Extracted records:
● ● ●

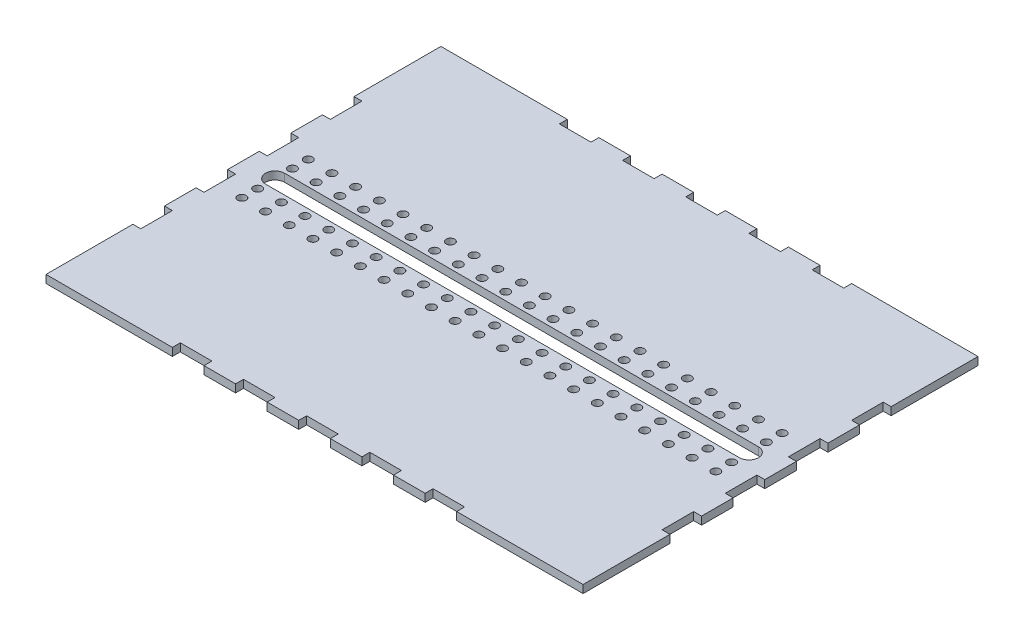
from build123d import *

# Parameters (mm, degrees)
BOSS_EXTRUDE1_DEPTH      = 1.5875
CUT_EXTRUDE1_DEPTH       = 152.481733807
SKETCH3_R                = 1.7018
CUT_EXTRUDE2_DEPTH       = 152.481733807
LPATTERN1_COUNT          = 21
LPATTERN1_PITCH          = 9.525
MIRROR1_COPY_1_SKETCH_R  = 1.7018
MIRROR1_COPY_1_DEPTH     = 152.481733807
MIRROR1_COPY_2_SKETCH_R  = 1.7018
MIRROR1_COPY_2_DEPTH     = 152.481733807
MIRROR1_COPY_3_SKETCH_R  = 1.7018
MIRROR1_COPY_3_DEPTH     = 152.481733807
MIRROR1_COPY_4_SKETCH_R  = 1.7018
MIRROR1_COPY_4_DEPTH     = 152.481733807
MIRROR1_COPY_5_SKETCH_R  = 1.7018
MIRROR1_COPY_5_DEPTH     = 152.481733807
MIRROR1_COPY_6_SKETCH_R  = 1.7018
MIRROR1_COPY_6_DEPTH     = 152.481733807
MIRROR1_COPY_7_SKETCH_R  = 1.7018
MIRROR1_COPY_7_DEPTH     = 152.481733807
MIRROR1_COPY_8_SKETCH_R  = 1.7018
MIRROR1_COPY_8_DEPTH     = 152.481733807
MIRROR1_COPY_9_SKETCH_R  = 1.7018
MIRROR1_COPY_9_DEPTH     = 152.481733807
MIRROR1_COPY_10_SKETCH_R = 1.7018
MIRROR1_COPY_10_DEPTH    = 152.481733807
MIRROR1_COPY_11_SKETCH_R = 1.7018
MIRROR1_COPY_11_DEPTH    = 152.481733807
MIRROR1_COPY_12_SKETCH_R = 1.7018
MIRROR1_COPY_12_DEPTH    = 152.481733807
MIRROR1_COPY_13_SKETCH_R = 1.7018
MIRROR1_COPY_13_DEPTH    = 152.481733807
MIRROR1_COPY_14_SKETCH_R = 1.7018
MIRROR1_COPY_14_DEPTH    = 152.481733807
MIRROR1_COPY_15_SKETCH_R = 1.7018
MIRROR1_COPY_15_DEPTH    = 152.481733807
MIRROR1_COPY_16_SKETCH_R = 1.7018
MIRROR1_COPY_16_DEPTH    = 152.481733807
MIRROR1_COPY_17_SKETCH_R = 1.7018
MIRROR1_COPY_17_DEPTH    = 152.481733807
MIRROR1_COPY_18_SKETCH_R = 1.7018
MIRROR1_COPY_18_DEPTH    = 152.481733807
MIRROR1_COPY_19_SKETCH_R = 1.7018
MIRROR1_COPY_19_DEPTH    = 152.481733807
MIRROR1_COPY_20_SKETCH_R = 1.7018
MIRROR1_COPY_20_DEPTH    = 152.481733807
MIRROR1_COPY_21_SKETCH_R = 1.7018
MIRROR1_COPY_21_DEPTH    = 152.481733807


with BuildPart() as part:
    # Sketch1 → Boss-Extrude1 (new, symmetric)
    with BuildSketch(Plane(origin=(0, 0, 0), x_dir=(1, 0, 0), z_dir=(0, 1, 0))):
        Polygon((-122.014602546, 89.716619519), (-71.214602546, 89.716619519), (-71.214602546, 86.541619519), (-58.514602546, 86.541619519), (-58.514602546, 89.716619519), (-45.814602546, 89.716619519), (-45.814602546, 86.541619519), (-33.114602546, 86.541619519), (-33.114602546, 89.716619519), (-20.414602546, 89.716619519), (-20.414602546, 86.541619519), (-7.714602546, 86.541619519), (-7.714602546, 89.716619519), (4.985397454, 89.716619519), (4.985397454, 86.541619519), (17.685397454, 86.541619519), (17.685397454, 89.716619519), (30.385397454, 89.716619519), (30.385397454, 86.541619519), (43.085397454, 86.541619519), (43.085397454, 89.716619519), (93.885397454, 89.716619519), (93.885397454, 54.791619519), (90.710397454, 54.791619519), (90.710397454, 42.091619519), (93.885397454, 42.091619519), (93.885397454, 29.391619519), (90.710397454, 29.391619519), (90.710397454, 16.691619519), (93.885397454, 16.691619519), (93.885397454, 3.991619519), (90.710397454, 3.991619519), (90.710397454, -8.708380481), (93.885397454, -8.708380481), (93.885397454, -21.408380481), (90.710397454, -21.408380481), (90.710397454, -34.108380481), (93.885397454, -34.108380481), (93.885397454, -69.033380481), (43.085397454, -69.033380481), (43.085397454, -65.858380481), (30.385397454, -65.858380481), (30.385397454, -69.033380481), (17.685397454, -69.033380481), (17.685397454, -65.858380481), (4.985397454, -65.858380481), (4.985397454, -69.033380481), (-7.714602546, -69.033380481), (-7.714602546, -65.858380481), (-20.414602546, -65.858380481), (-20.414602546, -69.033380481), (-33.114602546, -69.033380481), (-33.114602546, -65.858380481), (-45.814602546, -65.858380481), (-45.814602546, -69.033380481), (-58.514602546, -69.033380481), (-58.514602546, -65.858380481), (-71.214602546, -65.858380481), (-71.214602546, -69.033380481), (-122.014602546, -69.033380481), (-122.014602546, -34.108380481), (-118.839602546, -34.108380481), (-118.839602546, -21.408380481), (-122.014602546, -21.408380481), (-122.014602546, -8.708380481), (-118.839602546, -8.708380481), (-118.839602546, 3.991619519), (-122.014602546, 3.991619519), (-122.014602546, 16.691619519), (-118.839602546, 16.691619519), (-118.839602546, 29.391619519), (-122.014602546, 29.391619519), (-122.014602546, 42.091619519), (-118.839602546, 42.091619519), (-118.839602546, 54.791619519), (-122.014602546, 54.791619519), align=None)
    extrude(amount=BOSS_EXTRUDE1_DEPTH, both=True)

    # Sketch2 → Cut-Extrude1 (cut, through all)
    with BuildSketch(Plane(origin=(0, 1.5875, 0), x_dir=(1, 0, 0), z_dir=(0, 1, 0))):
        with BuildLine():
            Line((81.185397454, 6.531619519), (-109.314602546, 6.531619519))
            ThreePointArc((-109.314602546, 6.531619519), (-113.124602546, 10.341619519), (-109.314602546, 14.151619519))
            Line((-109.314602546, 14.151619519), (81.185397454, 14.151619519))
            ThreePointArc((81.185397454, 14.151619519), (84.995397454, 10.341619519), (81.185397454, 6.531619519))
        make_face()
    extrude(amount=-CUT_EXTRUDE1_DEPTH, mode=Mode.SUBTRACT)

    # Sketch3 → Cut-Extrude2 (cut, through all)
    with BuildSketch(Plane(origin=(0, 1.5875, 0), x_dir=(1, 0, 0), z_dir=(0, 1, 0))):
        with Locations((-109.314602546, 23.676619519)):
            Circle(SKETCH3_R)
        with Locations((-109.314602546, 17.326619519)):
            Circle(SKETCH3_R)
    cut_extrude2 = extrude(amount=-CUT_EXTRUDE2_DEPTH, mode=Mode.SUBTRACT)

    # LPattern1: Cut-Extrude2 ×21
    with Locations(*[(i * LPATTERN1_PITCH, 0, 0) for i in range(1, LPATTERN1_COUNT)]):
        add(cut_extrude2, mode=Mode.SUBTRACT)

    # Mirror1 copy 1 sketch → Mirror1 copy 1 (cut, through all)
    with BuildSketch(Plane(origin=(9.525, 1.5875, -20.683239038), x_dir=(1, 0, 0), z_dir=(0, 1, 0))):
        with Locations((-109.314602546, -23.676619519)):
            Circle(MIRROR1_COPY_1_SKETCH_R)
        with Locations((-109.314602546, -17.326619519)):
            Circle(MIRROR1_COPY_1_SKETCH_R)
    extrude(amount=-MIRROR1_COPY_1_DEPTH, mode=Mode.SUBTRACT)

    # Mirror1 copy 2 sketch → Mirror1 copy 2 (cut, through all)
    with BuildSketch(Plane(origin=(19.05, 1.5875, -20.683239038), x_dir=(1, 0, 0), z_dir=(0, 1, 0))):
        with Locations((-109.314602546, -23.676619519)):
            Circle(MIRROR1_COPY_2_SKETCH_R)
        with Locations((-109.314602546, -17.326619519)):
            Circle(MIRROR1_COPY_2_SKETCH_R)
    extrude(amount=-MIRROR1_COPY_2_DEPTH, mode=Mode.SUBTRACT)

    # Mirror1 copy 3 sketch → Mirror1 copy 3 (cut, through all)
    with BuildSketch(Plane(origin=(28.575, 1.5875, -20.683239038), x_dir=(1, 0, 0), z_dir=(0, 1, 0))):
        with Locations((-109.314602546, -23.676619519)):
            Circle(MIRROR1_COPY_3_SKETCH_R)
        with Locations((-109.314602546, -17.326619519)):
            Circle(MIRROR1_COPY_3_SKETCH_R)
    extrude(amount=-MIRROR1_COPY_3_DEPTH, mode=Mode.SUBTRACT)

    # Mirror1 copy 4 sketch → Mirror1 copy 4 (cut, through all)
    with BuildSketch(Plane(origin=(38.1, 1.5875, -20.683239038), x_dir=(1, 0, 0), z_dir=(0, 1, 0))):
        with Locations((-109.314602546, -23.676619519)):
            Circle(MIRROR1_COPY_4_SKETCH_R)
        with Locations((-109.314602546, -17.326619519)):
            Circle(MIRROR1_COPY_4_SKETCH_R)
    extrude(amount=-MIRROR1_COPY_4_DEPTH, mode=Mode.SUBTRACT)

    # Mirror1 copy 5 sketch → Mirror1 copy 5 (cut, through all)
    with BuildSketch(Plane(origin=(47.625, 1.5875, -20.683239038), x_dir=(1, 0, 0), z_dir=(0, 1, 0))):
        with Locations((-109.314602546, -23.676619519)):
            Circle(MIRROR1_COPY_5_SKETCH_R)
        with Locations((-109.314602546, -17.326619519)):
            Circle(MIRROR1_COPY_5_SKETCH_R)
    extrude(amount=-MIRROR1_COPY_5_DEPTH, mode=Mode.SUBTRACT)

    # Mirror1 copy 6 sketch → Mirror1 copy 6 (cut, through all)
    with BuildSketch(Plane(origin=(57.15, 1.5875, -20.683239038), x_dir=(1, 0, 0), z_dir=(0, 1, 0))):
        with Locations((-109.314602546, -23.676619519)):
            Circle(MIRROR1_COPY_6_SKETCH_R)
        with Locations((-109.314602546, -17.326619519)):
            Circle(MIRROR1_COPY_6_SKETCH_R)
    extrude(amount=-MIRROR1_COPY_6_DEPTH, mode=Mode.SUBTRACT)

    # Mirror1 copy 7 sketch → Mirror1 copy 7 (cut, through all)
    with BuildSketch(Plane(origin=(66.675, 1.5875, -20.683239038), x_dir=(1, 0, 0), z_dir=(0, 1, 0))):
        with Locations((-109.314602546, -23.676619519)):
            Circle(MIRROR1_COPY_7_SKETCH_R)
        with Locations((-109.314602546, -17.326619519)):
            Circle(MIRROR1_COPY_7_SKETCH_R)
    extrude(amount=-MIRROR1_COPY_7_DEPTH, mode=Mode.SUBTRACT)

    # Mirror1 copy 8 sketch → Mirror1 copy 8 (cut, through all)
    with BuildSketch(Plane(origin=(76.2, 1.5875, -20.683239038), x_dir=(1, 0, 0), z_dir=(0, 1, 0))):
        with Locations((-109.314602546, -23.676619519)):
            Circle(MIRROR1_COPY_8_SKETCH_R)
        with Locations((-109.314602546, -17.326619519)):
            Circle(MIRROR1_COPY_8_SKETCH_R)
    extrude(amount=-MIRROR1_COPY_8_DEPTH, mode=Mode.SUBTRACT)

    # Mirror1 copy 9 sketch → Mirror1 copy 9 (cut, through all)
    with BuildSketch(Plane(origin=(85.725, 1.5875, -20.683239038), x_dir=(1, 0, 0), z_dir=(0, 1, 0))):
        with Locations((-109.314602546, -23.676619519)):
            Circle(MIRROR1_COPY_9_SKETCH_R)
        with Locations((-109.314602546, -17.326619519)):
            Circle(MIRROR1_COPY_9_SKETCH_R)
    extrude(amount=-MIRROR1_COPY_9_DEPTH, mode=Mode.SUBTRACT)

    # Mirror1 copy 10 sketch → Mirror1 copy 10 (cut, through all)
    with BuildSketch(Plane(origin=(95.25, 1.5875, -20.683239038), x_dir=(1, 0, 0), z_dir=(0, 1, 0))):
        with Locations((-109.314602546, -23.676619519)):
            Circle(MIRROR1_COPY_10_SKETCH_R)
        with Locations((-109.314602546, -17.326619519)):
            Circle(MIRROR1_COPY_10_SKETCH_R)
    extrude(amount=-MIRROR1_COPY_10_DEPTH, mode=Mode.SUBTRACT)

    # Mirror1 copy 11 sketch → Mirror1 copy 11 (cut, through all)
    with BuildSketch(Plane(origin=(104.775, 1.5875, -20.683239038), x_dir=(1, 0, 0), z_dir=(0, 1, 0))):
        with Locations((-109.314602546, -23.676619519)):
            Circle(MIRROR1_COPY_11_SKETCH_R)
        with Locations((-109.314602546, -17.326619519)):
            Circle(MIRROR1_COPY_11_SKETCH_R)
    extrude(amount=-MIRROR1_COPY_11_DEPTH, mode=Mode.SUBTRACT)

    # Mirror1 copy 12 sketch → Mirror1 copy 12 (cut, through all)
    with BuildSketch(Plane(origin=(114.3, 1.5875, -20.683239038), x_dir=(1, 0, 0), z_dir=(0, 1, 0))):
        with Locations((-109.314602546, -23.676619519)):
            Circle(MIRROR1_COPY_12_SKETCH_R)
        with Locations((-109.314602546, -17.326619519)):
            Circle(MIRROR1_COPY_12_SKETCH_R)
    extrude(amount=-MIRROR1_COPY_12_DEPTH, mode=Mode.SUBTRACT)

    # Mirror1 copy 13 sketch → Mirror1 copy 13 (cut, through all)
    with BuildSketch(Plane(origin=(123.825, 1.5875, -20.683239038), x_dir=(1, 0, 0), z_dir=(0, 1, 0))):
        with Locations((-109.314602546, -23.676619519)):
            Circle(MIRROR1_COPY_13_SKETCH_R)
        with Locations((-109.314602546, -17.326619519)):
            Circle(MIRROR1_COPY_13_SKETCH_R)
    extrude(amount=-MIRROR1_COPY_13_DEPTH, mode=Mode.SUBTRACT)

    # Mirror1 copy 14 sketch → Mirror1 copy 14 (cut, through all)
    with BuildSketch(Plane(origin=(133.35, 1.5875, -20.683239038), x_dir=(1, 0, 0), z_dir=(0, 1, 0))):
        with Locations((-109.314602546, -23.676619519)):
            Circle(MIRROR1_COPY_14_SKETCH_R)
        with Locations((-109.314602546, -17.326619519)):
            Circle(MIRROR1_COPY_14_SKETCH_R)
    extrude(amount=-MIRROR1_COPY_14_DEPTH, mode=Mode.SUBTRACT)

    # Mirror1 copy 15 sketch → Mirror1 copy 15 (cut, through all)
    with BuildSketch(Plane(origin=(142.875, 1.5875, -20.683239038), x_dir=(1, 0, 0), z_dir=(0, 1, 0))):
        with Locations((-109.314602546, -23.676619519)):
            Circle(MIRROR1_COPY_15_SKETCH_R)
        with Locations((-109.314602546, -17.326619519)):
            Circle(MIRROR1_COPY_15_SKETCH_R)
    extrude(amount=-MIRROR1_COPY_15_DEPTH, mode=Mode.SUBTRACT)

    # Mirror1 copy 16 sketch → Mirror1 copy 16 (cut, through all)
    with BuildSketch(Plane(origin=(152.4, 1.5875, -20.683239038), x_dir=(1, 0, 0), z_dir=(0, 1, 0))):
        with Locations((-109.314602546, -23.676619519)):
            Circle(MIRROR1_COPY_16_SKETCH_R)
        with Locations((-109.314602546, -17.326619519)):
            Circle(MIRROR1_COPY_16_SKETCH_R)
    extrude(amount=-MIRROR1_COPY_16_DEPTH, mode=Mode.SUBTRACT)

    # Mirror1 copy 17 sketch → Mirror1 copy 17 (cut, through all)
    with BuildSketch(Plane(origin=(161.925, 1.5875, -20.683239038), x_dir=(1, 0, 0), z_dir=(0, 1, 0))):
        with Locations((-109.314602546, -23.676619519)):
            Circle(MIRROR1_COPY_17_SKETCH_R)
        with Locations((-109.314602546, -17.326619519)):
            Circle(MIRROR1_COPY_17_SKETCH_R)
    extrude(amount=-MIRROR1_COPY_17_DEPTH, mode=Mode.SUBTRACT)

    # Mirror1 copy 18 sketch → Mirror1 copy 18 (cut, through all)
    with BuildSketch(Plane(origin=(171.45, 1.5875, -20.683239038), x_dir=(1, 0, 0), z_dir=(0, 1, 0))):
        with Locations((-109.314602546, -23.676619519)):
            Circle(MIRROR1_COPY_18_SKETCH_R)
        with Locations((-109.314602546, -17.326619519)):
            Circle(MIRROR1_COPY_18_SKETCH_R)
    extrude(amount=-MIRROR1_COPY_18_DEPTH, mode=Mode.SUBTRACT)

    # Mirror1 copy 19 sketch → Mirror1 copy 19 (cut, through all)
    with BuildSketch(Plane(origin=(180.975, 1.5875, -20.683239038), x_dir=(1, 0, 0), z_dir=(0, 1, 0))):
        with Locations((-109.314602546, -23.676619519)):
            Circle(MIRROR1_COPY_19_SKETCH_R)
        with Locations((-109.314602546, -17.326619519)):
            Circle(MIRROR1_COPY_19_SKETCH_R)
    extrude(amount=-MIRROR1_COPY_19_DEPTH, mode=Mode.SUBTRACT)

    # Mirror1 copy 20 sketch → Mirror1 copy 20 (cut, through all)
    with BuildSketch(Plane(origin=(190.5, 1.5875, -20.683239038), x_dir=(1, 0, 0), z_dir=(0, 1, 0))):
        with Locations((-109.314602546, -23.676619519)):
            Circle(MIRROR1_COPY_20_SKETCH_R)
        with Locations((-109.314602546, -17.326619519)):
            Circle(MIRROR1_COPY_20_SKETCH_R)
    extrude(amount=-MIRROR1_COPY_20_DEPTH, mode=Mode.SUBTRACT)

    # Mirror1 copy 21 sketch → Mirror1 copy 21 (cut, through all)
    with BuildSketch(Plane(origin=(0, 1.5875, -20.683239038), x_dir=(1, 0, 0), z_dir=(0, 1, 0))):
        with Locations((-109.314602546, -23.676619519)):
            Circle(MIRROR1_COPY_21_SKETCH_R)
        with Locations((-109.314602546, -17.326619519)):
            Circle(MIRROR1_COPY_21_SKETCH_R)
    extrude(amount=-MIRROR1_COPY_21_DEPTH, mode=Mode.SUBTRACT)


solid = part.part

● ● ●

WHAT THE EXERCISE ASKS:
Work out how many lines of the entries include the word "part", and respond with that number and nothing more.

TASK ANSWER:
2